Sheila Ji succeeded in transforming Delhi's skyline and urban infrastructure, in part helped by institutions like the courts which passed, for example, the historic CNG judgment, and in part assisted by her own desire to leave an imprint on a city she has lived in and loved.
The 'bhagiadari' scheme, for example, was a good example of the citizen-state partnership that was needed to get Delhi back on track. She didn't always succeed — the BRT road scheme didn't quite work, for example, and women's safety remained a major concern — but at least she never stopped trying, which is why Delhiites came to trust her and repose confidence in her as chief minister for three successive terms.
Indeed, she gave Delhi's growing influential middle class a voice at a time when the narrative of urban politics was slowly focusing more on good governance rather than divisive identity politics. Sheila Ji was, to that extent, an inclusive figure, able to bridge the divides between the Lutyens' VIP culture, middle-class colonies and jhuggi clusters —sharp social and cultural divisions that had left most people to believe that Delhi was both, an unlivable and an ungovernable city.
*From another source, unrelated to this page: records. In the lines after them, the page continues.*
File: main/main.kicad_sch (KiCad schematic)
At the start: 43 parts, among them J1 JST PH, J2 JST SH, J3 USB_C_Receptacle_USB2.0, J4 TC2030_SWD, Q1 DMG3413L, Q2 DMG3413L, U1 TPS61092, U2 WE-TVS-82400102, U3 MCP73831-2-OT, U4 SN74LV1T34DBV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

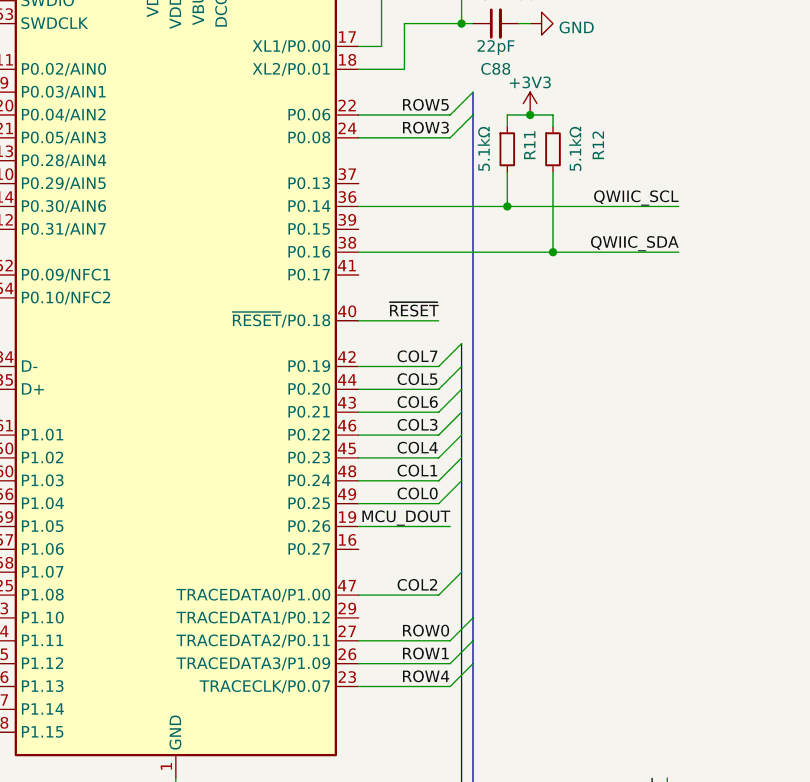
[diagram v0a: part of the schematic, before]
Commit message: Connect power managment to MCU
i don't like it but hopefully it will work
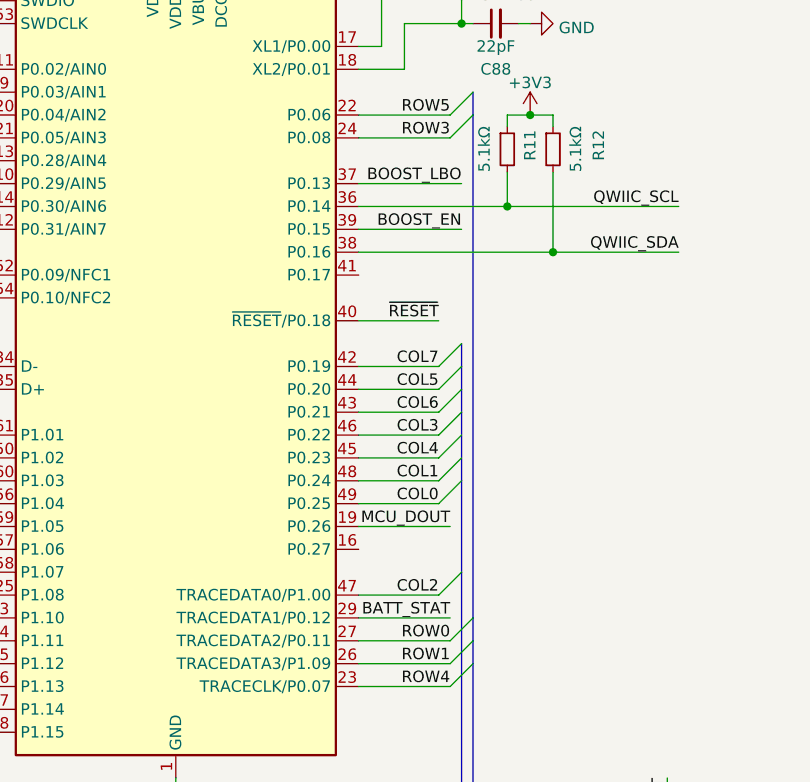
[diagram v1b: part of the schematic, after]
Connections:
- net BATT_STAT: now also U5.29 (TRACEDATA1/P0.12)
- net BOOST_EN: now also U5.39 (P0.15)
- net BOOST_LBO: now also U5.37 (P0.13)
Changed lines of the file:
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@@
+    (stroke (width 0) (type default) (color 0 0 0 0))
+  )
+  (wire (pts (xy 168.91 73.66) (xy 180.34 73.66))
     (stroke (width 0) (type default) (color 0 0 0 0))
   )
@@
     (stroke (width 0) (type default) (color 0 0 0 0))
   )
+  (wire (pts (xy 168.91 78.74) (xy 180.34 78.74))
+    (stroke (width 0) (type default) (color 0 0 0 0))
+  )
   (wire (pts (xy 241.3 77.47) (xy 240.03 77.47))
     (stroke (width 0) (type default) (color 0 0 0 0))
@@
     (stroke (width 0) (type default) (color 0 0 0 0))
   )
+  (wire (pts (xy 168.91 121.92) (xy 179.07 121.92))
+    (stroke (width 0) (type default) (color 0 0 0 0))
+  )
   (wire (pts (xy 193.04 151.13) (xy 193.04 149.86))
     (stroke (width 0) (type default) (color 0 0 0 0))
@@
     (effects (font (size 1.27 1.27)) (justify right bottom))
   )
+  (label "BOOST_LBO" (at 180.34 73.66 180)
+    (effects (font (size 1.27 1.27)) (justify right bottom))
+  )
   (label "VUSB" (at 187.96 149.86 0)
     (effects (font (size 1.27 1.27)) (justify left bottom))
@@
     (effects (font (size 1.27 1.27)) (justify right bottom))
   )
+  (label "BOOST_EN" (at 180.34 78.74 180)
+    (effects (font (size 1.27 1.27)) (justify right bottom))
+  )
+  (label "BATT_STAT" (at 179.07 121.92 180)
+    (effects (font (size 1.27 1.27)) (justify right bottom))
+  )

With her comforting presence, Sheila Ji became everyone's auntyji, accessible and always a steadying hand through good times and bad.
Delhi had found its middle-class compass to the future.
When Sheila Ji was eventually defeated in 2013, it was because this very fickle middle-class that had hailed her once as an agent of change now identified her with the vaulting corruption allegations swirling around the UPA-2.
The Commonwealth Games was meant to be the ultimate stamp of approval on Delhi's rapid transition into a truly 'new' Delhi and yet, ironically, it got trapped in the old India of patron-client favours. Suresh Kalmadi was the fall-guy but it was Sheila Ji who lost her political sheen.
Like so many popular long-serving politicians, she perhaps didn't quite come to terms with the sudden winds of disaffection swirling around her — or indeed, the shifting demographics of a city of teeming migrants, many of whom were living on the margins.
Sheila Dikshit lost a few elections but never her dignity. (Photo: India Today)
Riding on a wave of anti-corruption populism, Kejriwal made a dramatic entry into politics, a phenomenon which Sheila Ji couldn't quite grasp.
"You people are giving him too much publicity. How does he expect to fulfil all these promises of free electricity and water that he keeps making," she once asked with a quizzical look.
And yet, even when Kejriwal swept into power, Sheila Ji never lost her poise.
She lost a few elections but never her dignity, retiring quietly to her lovely elegant home in the upper-middle-class Nizamuddin neighbourhood.
This is perhaps where she should have faded away from public life but then politicians never really retire, or in her case, aren't allowed to.
Just ahead of the 2019 Lok Sabha elections, she chose to once again abide by the Congress High Command decision — this time to return as Delhi Congress president and even agree to contest the Lok Sabha polls from Delhi North East. It was a folly: she clearly wasn't in good health but was unwilling to let down her leadership in their hour of need.
The last time we met was when I interviewed her on the campaign trail in May this year.
I asked her how an 82-year-old was coping with the heat and dust of electioneering.
"Rajdeep Ji, correct yourself, I am 81, not 82," she pointed out emphatically.
And then as a punchline, when I asked her "How is the josh!", she replied instantly, "Don't worry, abhi toh main jawan hoon!"
Young at heart, always ready for an election battle, a people-centric initiative or a good Shahrukh Khan film, Sheila Dikshit's life and times is a reminder that there is still space for decency in public life.